È nel momento delle postfazioni, o dei ringraziamenti finali, che Marta Dieffe cala la maschera e inizia a parlare con la sua voce, con la proprietà di linguaggio che ovviamente ci si aspetta da lei, con l’irruenza di una figlia dei suoi anni, con la lucidità di chi si rivolge a un pubblico complesso ed eterogeneo, e con il coraggio di una ragazza che ha indiscutibilmente scelto la strada più impervia per entrare nel burrascoso mondo dell’editoria. Prima di chiudere proviamo però a rispondere all’annosa questione che mi ero posto all’inizio: può “Enjoy the Silence” essere definito un ritratto delle nuove generazioni, a uso e consumo dei vecchietti che vogliono provare a capirci qualcosa? 

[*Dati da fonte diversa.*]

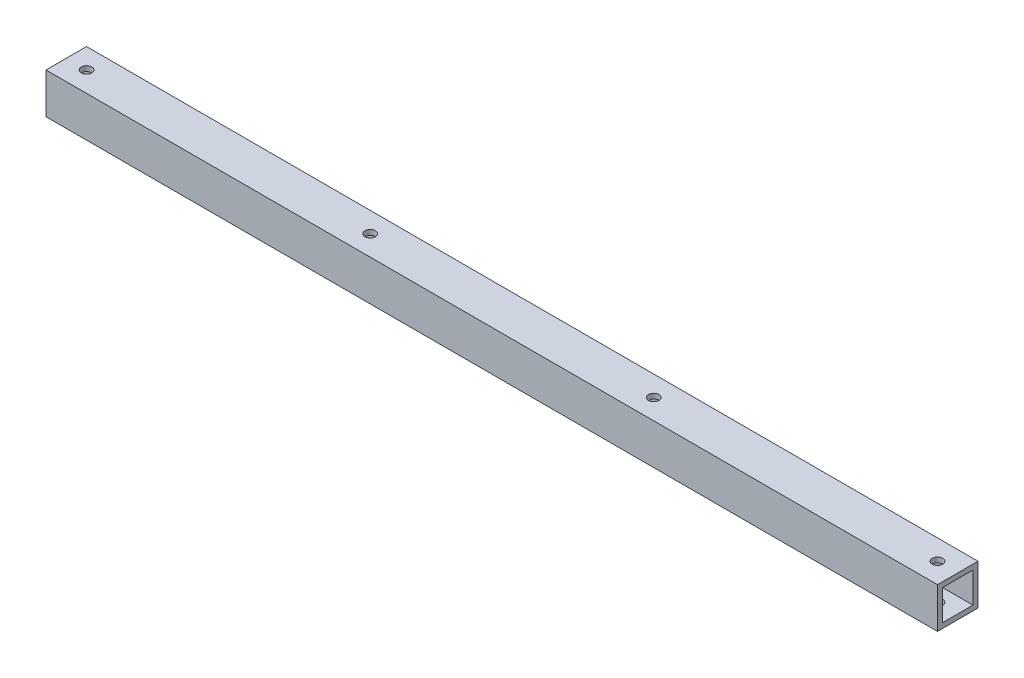
ISO-10303-21;
HEADER;
FILE_DESCRIPTION(('STEP AP214'),'2;1');
FILE_NAME('part.step','',(''),(''),'','','');
FILE_SCHEMA(('AUTOMOTIVE_DESIGN { 1 0 10303 214 1 1 1 1 }'));
ENDSEC;
DATA;
#1=APPLICATION_CONTEXT('core data for automotive mechanical design processes');
#2=APPLICATION_PROTOCOL_DEFINITION('international standard','automotive_design',2000,#1);
#3=PRODUCT_CONTEXT('',#1,'mechanical');
#4=PRODUCT('Part','Part','',(#3));
#5=PRODUCT_RELATED_PRODUCT_CATEGORY('part','',(#4));
#6=PRODUCT_DEFINITION_FORMATION('','',#4);
#7=PRODUCT_DEFINITION_CONTEXT('part definition',#1,'design');
#8=PRODUCT_DEFINITION('design','',#6,#7);
#9=PRODUCT_DEFINITION_SHAPE('','',#8);
#10=(LENGTH_UNIT() NAMED_UNIT(*) SI_UNIT(.MILLI.,.METRE.));
#11=(NAMED_UNIT(*) PLANE_ANGLE_UNIT() SI_UNIT($,.RADIAN.));
#12=(NAMED_UNIT(*) SI_UNIT($,.STERADIAN.) SOLID_ANGLE_UNIT());
#13=UNCERTAINTY_MEASURE_WITH_UNIT(LENGTH_MEASURE(1.E-05),#10,'distance_accuracy_value','');
#14=(GEOMETRIC_REPRESENTATION_CONTEXT(3) GLOBAL_UNCERTAINTY_ASSIGNED_CONTEXT((#13)) GLOBAL_UNIT_ASSIGNED_CONTEXT((#10,
#11,#12)) REPRESENTATION_CONTEXT('',''));
#15=CARTESIAN_POINT('',(0.,0.,0.));
#16=DIRECTION('',(0.,0.,1.));
#17=DIRECTION('',(1.,0.,0.));
#18=AXIS2_PLACEMENT_3D('',#15,#16,#17);
#19=CARTESIAN_POINT('',(558.8,25.4,0.));
#20=DIRECTION('',(-1.,0.,0.));
#21=DIRECTION('',(0.,0.,1.));
#22=AXIS2_PLACEMENT_3D('',#19,#20,#21);
#23=PLANE('',#22);
#24=DIRECTION('',(0.,-1.,0.));
#25=VECTOR('',#24,1.);
#26=CARTESIAN_POINT('',(558.8,0.,0.));
#27=LINE('',#26,#25);
#28=CARTESIAN_POINT('',(558.8,25.4,0.));
#29=VERTEX_POINT('',#28);
#30=CARTESIAN_POINT('',(558.8,0.,0.));
#31=VERTEX_POINT('',#30);
#32=EDGE_CURVE('E149',#29,#31,#27,.T.);
#33=ORIENTED_EDGE('',*,*,#32,.T.);
#34=DIRECTION('',(0.,0.,-1.));
#35=VECTOR('',#34,1.);
#36=CARTESIAN_POINT('',(558.8,0.,0.));
#37=LINE('',#36,#35);
#38=CARTESIAN_POINT('',(558.8,0.,-25.4));
#39=VERTEX_POINT('',#38);
#40=EDGE_CURVE('E152',#31,#39,#37,.T.);
#41=ORIENTED_EDGE('',*,*,#40,.T.);
#42=DIRECTION('',(0.,1.,0.));
#43=VECTOR('',#42,1.);
#44=CARTESIAN_POINT('',(558.8,0.,-25.4));
#45=LINE('',#44,#43);
#46=CARTESIAN_POINT('',(558.8,25.4,-25.4));
#47=VERTEX_POINT('',#46);
#48=EDGE_CURVE('E154',#39,#47,#45,.T.);
#49=ORIENTED_EDGE('',*,*,#48,.T.);
#50=DIRECTION('',(0.,0.,1.));
#51=VECTOR('',#50,1.);
#52=CARTESIAN_POINT('',(558.8,25.4,0.));
#53=LINE('',#52,#51);
#54=EDGE_CURVE('E156',#47,#29,#53,.T.);
#55=ORIENTED_EDGE('',*,*,#54,.T.);
#56=EDGE_LOOP('',(#33,#41,#49,#55));
#57=FACE_BOUND('',#56,.T.);
#58=DIRECTION('',(0.,-1.,0.));
#59=VECTOR('',#58,1.);
#60=CARTESIAN_POINT('',(558.8,3.175,-3.175));
#61=LINE('',#60,#59);
#62=CARTESIAN_POINT('',(558.8,22.225,-3.175));
#63=VERTEX_POINT('',#62);
#64=CARTESIAN_POINT('',(558.8,3.175,-3.175));
#65=VERTEX_POINT('',#64);
#66=EDGE_CURVE('E115',#63,#65,#61,.T.);
#67=ORIENTED_EDGE('',*,*,#66,.F.);
#68=DIRECTION('',(0.,0.,1.));
#69=VECTOR('',#68,1.);
#70=CARTESIAN_POINT('',(558.8,22.225,-3.175));
#71=LINE('',#70,#69);
#72=CARTESIAN_POINT('',(558.8,22.225,-22.225));
#73=VERTEX_POINT('',#72);
#74=EDGE_CURVE('E135',#73,#63,#71,.T.);
#75=ORIENTED_EDGE('',*,*,#74,.F.);
#76=DIRECTION('',(0.,1.,0.));
#77=VECTOR('',#76,1.);
#78=CARTESIAN_POINT('',(558.8,3.175,-22.225));
#79=LINE('',#78,#77);
#80=CARTESIAN_POINT('',(558.8,3.175,-22.225));
#81=VERTEX_POINT('',#80);
#82=EDGE_CURVE('E133',#81,#73,#79,.T.);
#83=ORIENTED_EDGE('',*,*,#82,.F.);
#84=DIRECTION('',(0.,0.,-1.));
#85=VECTOR('',#84,1.);
#86=CARTESIAN_POINT('',(558.8,3.175,-3.175));
#87=LINE('',#86,#85);
#88=EDGE_CURVE('E131',#65,#81,#87,.T.);
#89=ORIENTED_EDGE('',*,*,#88,.F.);
#90=EDGE_LOOP('',(#67,#75,#83,#89));
#91=FACE_BOUND('',#90,.T.);
#92=ADVANCED_FACE('F33',(#57,#91),#23,.F.);
#93=CARTESIAN_POINT('',(0.,25.4,0.));
#94=DIRECTION('',(-1.,0.,0.));
#95=DIRECTION('',(0.,0.,1.));
#96=AXIS2_PLACEMENT_3D('',#93,#94,#95);
#97=PLANE('',#96);
#98=DIRECTION('',(0.,-1.,0.));
#99=VECTOR('',#98,1.);
#100=CARTESIAN_POINT('',(0.,0.,0.));
#101=LINE('',#100,#99);
#102=CARTESIAN_POINT('',(0.,25.4,0.));
#103=VERTEX_POINT('',#102);
#104=CARTESIAN_POINT('',(0.,0.,0.));
#105=VERTEX_POINT('',#104);
#106=EDGE_CURVE('E116',#103,#105,#101,.T.);
#107=ORIENTED_EDGE('',*,*,#106,.F.);
#108=DIRECTION('',(0.,0.,1.));
#109=VECTOR('',#108,1.);
#110=CARTESIAN_POINT('',(0.,25.4,0.));
#111=LINE('',#110,#109);
#112=CARTESIAN_POINT('',(0.,25.4,-25.4));
#113=VERTEX_POINT('',#112);
#114=EDGE_CURVE('E147',#113,#103,#111,.T.);
#115=ORIENTED_EDGE('',*,*,#114,.F.);
#116=DIRECTION('',(0.,1.,0.));
#117=VECTOR('',#116,1.);
#118=CARTESIAN_POINT('',(0.,0.,-25.4));
#119=LINE('',#118,#117);
#120=CARTESIAN_POINT('',(0.,0.,-25.4));
#121=VERTEX_POINT('',#120);
#122=EDGE_CURVE('E145',#121,#113,#119,.T.);
#123=ORIENTED_EDGE('',*,*,#122,.F.);
#124=DIRECTION('',(0.,0.,-1.));
#125=VECTOR('',#124,1.);
#126=CARTESIAN_POINT('',(0.,0.,0.));
#127=LINE('',#126,#125);
#128=EDGE_CURVE('E143',#105,#121,#127,.T.);
#129=ORIENTED_EDGE('',*,*,#128,.F.);
#130=EDGE_LOOP('',(#107,#115,#123,#129));
#131=FACE_BOUND('',#130,.T.);
#132=DIRECTION('',(0.,0.,1.));
#133=VECTOR('',#132,1.);
#134=CARTESIAN_POINT('',(0.,22.225,-3.175));
#135=LINE('',#134,#133);
#136=CARTESIAN_POINT('',(0.,22.225,-22.225));
#137=VERTEX_POINT('',#136);
#138=CARTESIAN_POINT('',(0.,22.225,-3.175));
#139=VERTEX_POINT('',#138);
#140=EDGE_CURVE('E120',#137,#139,#135,.T.);
#141=ORIENTED_EDGE('',*,*,#140,.T.);
#142=DIRECTION('',(0.,-1.,0.));
#143=VECTOR('',#142,1.);
#144=CARTESIAN_POINT('',(0.,3.175,-3.175));
#145=LINE('',#144,#143);
#146=CARTESIAN_POINT('',(0.,3.175,-3.175));
#147=VERTEX_POINT('',#146);
#148=EDGE_CURVE('E58',#139,#147,#145,.T.);
#149=ORIENTED_EDGE('',*,*,#148,.T.);
#150=DIRECTION('',(0.,0.,-1.));
#151=VECTOR('',#150,1.);
#152=CARTESIAN_POINT('',(0.,3.175,-3.175));
#153=LINE('',#152,#151);
#154=CARTESIAN_POINT('',(0.,3.175,-22.225));
#155=VERTEX_POINT('',#154);
#156=EDGE_CURVE('E102',#147,#155,#153,.T.);
#157=ORIENTED_EDGE('',*,*,#156,.T.);
#158=DIRECTION('',(0.,1.,0.));
#159=VECTOR('',#158,1.);
#160=CARTESIAN_POINT('',(0.,3.175,-22.225));
#161=LINE('',#160,#159);
#162=EDGE_CURVE('E111',#155,#137,#161,.T.);
#163=ORIENTED_EDGE('',*,*,#162,.T.);
#164=EDGE_LOOP('',(#141,#149,#157,#163));
#165=FACE_BOUND('',#164,.T.);
#166=ADVANCED_FACE('F119',(#131,#165),#97,.T.);
#167=CARTESIAN_POINT('',(558.8,0.,0.));
#168=DIRECTION('',(0.,0.,-1.));
#169=DIRECTION('',(0.,1.,0.));
#170=AXIS2_PLACEMENT_3D('',#167,#168,#169);
#171=PLANE('',#170);
#172=ORIENTED_EDGE('',*,*,#106,.T.);
#173=DIRECTION('',(-1.,0.,0.));
#174=VECTOR('',#173,1.);
#175=CARTESIAN_POINT('',(558.8,0.,0.));
#176=LINE('',#175,#174);
#177=EDGE_CURVE('E11',#31,#105,#176,.T.);
#178=ORIENTED_EDGE('',*,*,#177,.F.);
#179=ORIENTED_EDGE('',*,*,#32,.F.);
#180=DIRECTION('',(-1.,0.,0.));
#181=VECTOR('',#180,1.);
#182=CARTESIAN_POINT('',(558.8,25.4,0.));
#183=LINE('',#182,#181);
#184=EDGE_CURVE('E158',#29,#103,#183,.T.);
#185=ORIENTED_EDGE('',*,*,#184,.T.);
#186=EDGE_LOOP('',(#172,#178,#179,#185));
#187=FACE_BOUND('',#186,.T.);
#188=ADVANCED_FACE('F35',(#187),#171,.F.);
#189=CARTESIAN_POINT('',(558.8,0.,0.));
#190=DIRECTION('',(0.,1.,0.));
#191=DIRECTION('',(0.,0.,1.));
#192=AXIS2_PLACEMENT_3D('',#189,#190,#191);
#193=PLANE('',#192);
#194=CARTESIAN_POINT('',(12.7,0.,-12.7));
#195=DIRECTION('',(0.,1.,0.));
#196=DIRECTION('',(0.,0.,-1.));
#197=AXIS2_PLACEMENT_3D('',#194,#195,#196);
#198=CIRCLE('',#197,3.26390000000001);
#199=CARTESIAN_POINT('',(12.7,0.,-15.9639));
#200=VERTEX_POINT('',#199);
#201=EDGE_CURVE('E248',#200,#200,#198,.T.);
#202=ORIENTED_EDGE('',*,*,#201,.T.);
#203=EDGE_LOOP('',(#202));
#204=FACE_BOUND('',#203,.T.);
#205=CARTESIAN_POINT('',(190.5,0.,-12.7));
#206=DIRECTION('',(0.,1.,0.));
#207=DIRECTION('',(0.,0.,-1.));
#208=AXIS2_PLACEMENT_3D('',#205,#206,#207);
#209=CIRCLE('',#208,3.26390000000001);
#210=CARTESIAN_POINT('',(190.5,0.,-15.9639));
#211=VERTEX_POINT('',#210);
#212=EDGE_CURVE('E176',#211,#211,#209,.T.);
#213=ORIENTED_EDGE('',*,*,#212,.T.);
#214=EDGE_LOOP('',(#213));
#215=FACE_BOUND('',#214,.T.);
#216=CARTESIAN_POINT('',(368.3,0.,-12.7));
#217=DIRECTION('',(0.,1.,0.));
#218=DIRECTION('',(0.,0.,1.));
#219=AXIS2_PLACEMENT_3D('',#216,#217,#218);
#220=CIRCLE('',#219,3.26390000000001);
#221=CARTESIAN_POINT('',(368.3,0.,-9.43609999999999));
#222=VERTEX_POINT('',#221);
#223=EDGE_CURVE('E172',#222,#222,#220,.T.);
#224=ORIENTED_EDGE('',*,*,#223,.T.);
#225=EDGE_LOOP('',(#224));
#226=FACE_BOUND('',#225,.T.);
#227=CARTESIAN_POINT('',(546.1,0.,-12.7));
#228=DIRECTION('',(0.,1.,0.));
#229=DIRECTION('',(0.,0.,1.));
#230=AXIS2_PLACEMENT_3D('',#227,#228,#229);
#231=CIRCLE('',#230,3.26390000000001);
#232=CARTESIAN_POINT('',(546.1,0.,-9.43609999999999));
#233=VERTEX_POINT('',#232);
#234=EDGE_CURVE('E168',#233,#233,#231,.T.);
#235=ORIENTED_EDGE('',*,*,#234,.T.);
#236=EDGE_LOOP('',(#235));
#237=FACE_BOUND('',#236,.T.);
#238=ORIENTED_EDGE('',*,*,#128,.T.);
#239=DIRECTION('',(-1.,0.,0.));
#240=VECTOR('',#239,1.);
#241=CARTESIAN_POINT('',(558.8,0.,-25.4));
#242=LINE('',#241,#240);
#243=EDGE_CURVE('E42',#39,#121,#242,.T.);
#244=ORIENTED_EDGE('',*,*,#243,.F.);
#245=ORIENTED_EDGE('',*,*,#40,.F.);
#246=ORIENTED_EDGE('',*,*,#177,.T.);
#247=EDGE_LOOP('',(#238,#244,#245,#246));
#248=FACE_BOUND('',#247,.T.);
#249=ADVANCED_FACE('F203',(#204,#215,#226,#237,#248),#193,.F.);
#250=CARTESIAN_POINT('',(558.8,0.,-25.4));
#251=DIRECTION('',(0.,0.,1.));
#252=DIRECTION('',(0.,-1.,0.));
#253=AXIS2_PLACEMENT_3D('',#250,#251,#252);
#254=PLANE('',#253);
#255=ORIENTED_EDGE('',*,*,#122,.T.);
#256=DIRECTION('',(-1.,0.,0.));
#257=VECTOR('',#256,1.);
#258=CARTESIAN_POINT('',(558.8,25.4,-25.4));
#259=LINE('',#258,#257);
#260=EDGE_CURVE('E161',#47,#113,#259,.T.);
#261=ORIENTED_EDGE('',*,*,#260,.F.);
#262=ORIENTED_EDGE('',*,*,#48,.F.);
#263=ORIENTED_EDGE('',*,*,#243,.T.);
#264=EDGE_LOOP('',(#255,#261,#262,#263));
#265=FACE_BOUND('',#264,.T.);
#266=ADVANCED_FACE('F236',(#265),#254,.F.);
#267=CARTESIAN_POINT('',(558.8,25.4,0.));
#268=DIRECTION('',(0.,-1.,0.));
#269=DIRECTION('',(0.,0.,-1.));
#270=AXIS2_PLACEMENT_3D('',#267,#268,#269);
#271=PLANE('',#270);
#272=CARTESIAN_POINT('',(12.7,25.4,-12.7));
#273=DIRECTION('',(0.,1.,0.));
#274=DIRECTION('',(0.,0.,-1.));
#275=AXIS2_PLACEMENT_3D('',#272,#273,#274);
#276=CIRCLE('',#275,3.26390000000001);
#277=CARTESIAN_POINT('',(12.7,25.4,-15.9639));
#278=VERTEX_POINT('',#277);
#279=EDGE_CURVE('E276',#278,#278,#276,.T.);
#280=ORIENTED_EDGE('',*,*,#279,.F.);
#281=EDGE_LOOP('',(#280));
#282=FACE_BOUND('',#281,.T.);
#283=CARTESIAN_POINT('',(190.5,25.4,-12.7));
#284=DIRECTION('',(0.,1.,0.));
#285=DIRECTION('',(0.,0.,-1.));
#286=AXIS2_PLACEMENT_3D('',#283,#284,#285);
#287=CIRCLE('',#286,3.26390000000001);
#288=CARTESIAN_POINT('',(190.5,25.4,-15.9639));
#289=VERTEX_POINT('',#288);
#290=EDGE_CURVE('E183',#289,#289,#287,.T.);
#291=ORIENTED_EDGE('',*,*,#290,.F.);
#292=EDGE_LOOP('',(#291));
#293=FACE_BOUND('',#292,.T.);
#294=CARTESIAN_POINT('',(368.3,25.4,-12.7));
#295=DIRECTION('',(0.,1.,0.));
#296=DIRECTION('',(0.,0.,1.));
#297=AXIS2_PLACEMENT_3D('',#294,#295,#296);
#298=CIRCLE('',#297,3.26390000000001);
#299=CARTESIAN_POINT('',(368.3,25.4,-9.43609999999999));
#300=VERTEX_POINT('',#299);
#301=EDGE_CURVE('E180',#300,#300,#298,.T.);
#302=ORIENTED_EDGE('',*,*,#301,.F.);
#303=EDGE_LOOP('',(#302));
#304=FACE_BOUND('',#303,.T.);
#305=CARTESIAN_POINT('',(546.1,25.4,-12.7));
#306=DIRECTION('',(0.,1.,0.));
#307=DIRECTION('',(0.,0.,1.));
#308=AXIS2_PLACEMENT_3D('',#305,#306,#307);
#309=CIRCLE('',#308,3.26390000000001);
#310=CARTESIAN_POINT('',(546.1,25.4,-9.43609999999999));
#311=VERTEX_POINT('',#310);
#312=EDGE_CURVE('E198',#311,#311,#309,.T.);
#313=ORIENTED_EDGE('',*,*,#312,.F.);
#314=EDGE_LOOP('',(#313));
#315=FACE_BOUND('',#314,.T.);
#316=ORIENTED_EDGE('',*,*,#114,.T.);
#317=ORIENTED_EDGE('',*,*,#184,.F.);
#318=ORIENTED_EDGE('',*,*,#54,.F.);
#319=ORIENTED_EDGE('',*,*,#260,.T.);
#320=EDGE_LOOP('',(#316,#317,#318,#319));
#321=FACE_BOUND('',#320,.T.);
#322=ADVANCED_FACE('F233',(#282,#293,#304,#315,#321),#271,.F.);
#323=CARTESIAN_POINT('',(558.8,3.175,-3.175));
#324=DIRECTION('',(0.,0.,-1.));
#325=DIRECTION('',(-1.,0.,0.));
#326=AXIS2_PLACEMENT_3D('',#323,#324,#325);
#327=PLANE('',#326);
#328=ORIENTED_EDGE('',*,*,#148,.F.);
#329=DIRECTION('',(-1.,0.,0.));
#330=VECTOR('',#329,1.);
#331=CARTESIAN_POINT('',(558.8,22.225,-3.175));
#332=LINE('',#331,#330);
#333=EDGE_CURVE('E137',#63,#139,#332,.T.);
#334=ORIENTED_EDGE('',*,*,#333,.F.);
#335=ORIENTED_EDGE('',*,*,#66,.T.);
#336=DIRECTION('',(-1.,0.,0.));
#337=VECTOR('',#336,1.);
#338=CARTESIAN_POINT('',(558.8,3.175,-3.175));
#339=LINE('',#338,#337);
#340=EDGE_CURVE('E104',#65,#147,#339,.T.);
#341=ORIENTED_EDGE('',*,*,#340,.T.);
#342=EDGE_LOOP('',(#328,#334,#335,#341));
#343=FACE_BOUND('',#342,.T.);
#344=ADVANCED_FACE('F113',(#343),#327,.T.);
#345=CARTESIAN_POINT('',(558.8,3.175,-3.175));
#346=DIRECTION('',(0.,1.,0.));
#347=DIRECTION('',(0.,0.,1.));
#348=AXIS2_PLACEMENT_3D('',#345,#346,#347);
#349=PLANE('',#348);
#350=CARTESIAN_POINT('',(12.7,3.175,-12.7));
#351=DIRECTION('',(0.,1.,0.));
#352=DIRECTION('',(0.,0.,1.));
#353=AXIS2_PLACEMENT_3D('',#350,#351,#352);
#354=CIRCLE('',#353,3.26390000000001);
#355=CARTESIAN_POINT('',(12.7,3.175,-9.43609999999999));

La risposta è ovviamente no. Ed è no per almeno un paio di buoni motivi: il primo è che, come detto, non c’è alcuna differenza apprezzabile tra la mia generazione e quest’ultima. Entrambe apparteniamo a un’epoca, quella emersa dai fermenti del Sessantotto, in cui in cui i giovani hanno assunto una nuova autorità all’interno della comunità, una comunità dove le dinamiche di apprendimento sono bidirezionali (gli adulti danno e ricevono allo stesso tempo) e non più, con la sola eccezione di piccole comunità a carattere religioso e ideologico, dipendenti da quegli eterni e immutabili schemi del passato. La seconda ragione è che, come lo fu Christiane F. o l’anonima protagonista di “Alice, i giorni della droga”, anche Penny non è rappresentativa di una generazione. Penny è una persona debole, esattamente come lo furono le sue “antenate” letterarie (solo si affida a sballi diversi), ma non può che essere un’eccezione alla regola.
 
Marta Dieffe, nome d’arte di Martina Di Franco, di origini calabresi ma romagnola di adozione, ha 35 anni e coltiva la scrittura sin dagli anni della scuola, nel corso dei quali già aderiva con entusiasmo ai più svariati concorsi letterari. “Enjoy the Silence” nasce su Facebook una decina di anni fa, sotto forma di piccoli ma calibrati “assaggi”, e diventa solo oggi qualcosa di veramente concreto (lo trovate, come spesso accade, su Amazon. Se volete seguire Martina la trovate invece, un po’ come il prezzemolo, dappertutto sul web (partendo da qui).

2 commenti:

  1. Le nuove generazioni, per quanto vedo da padre e zio, sono per certi aspetti paragonabili agli hippie, ma con molta tecnologia in più, nessuna voglia di rinunciare alle piccole comodità consumistiche che pur criticano, e un'ingenuità che la metà sarebbe già troppa...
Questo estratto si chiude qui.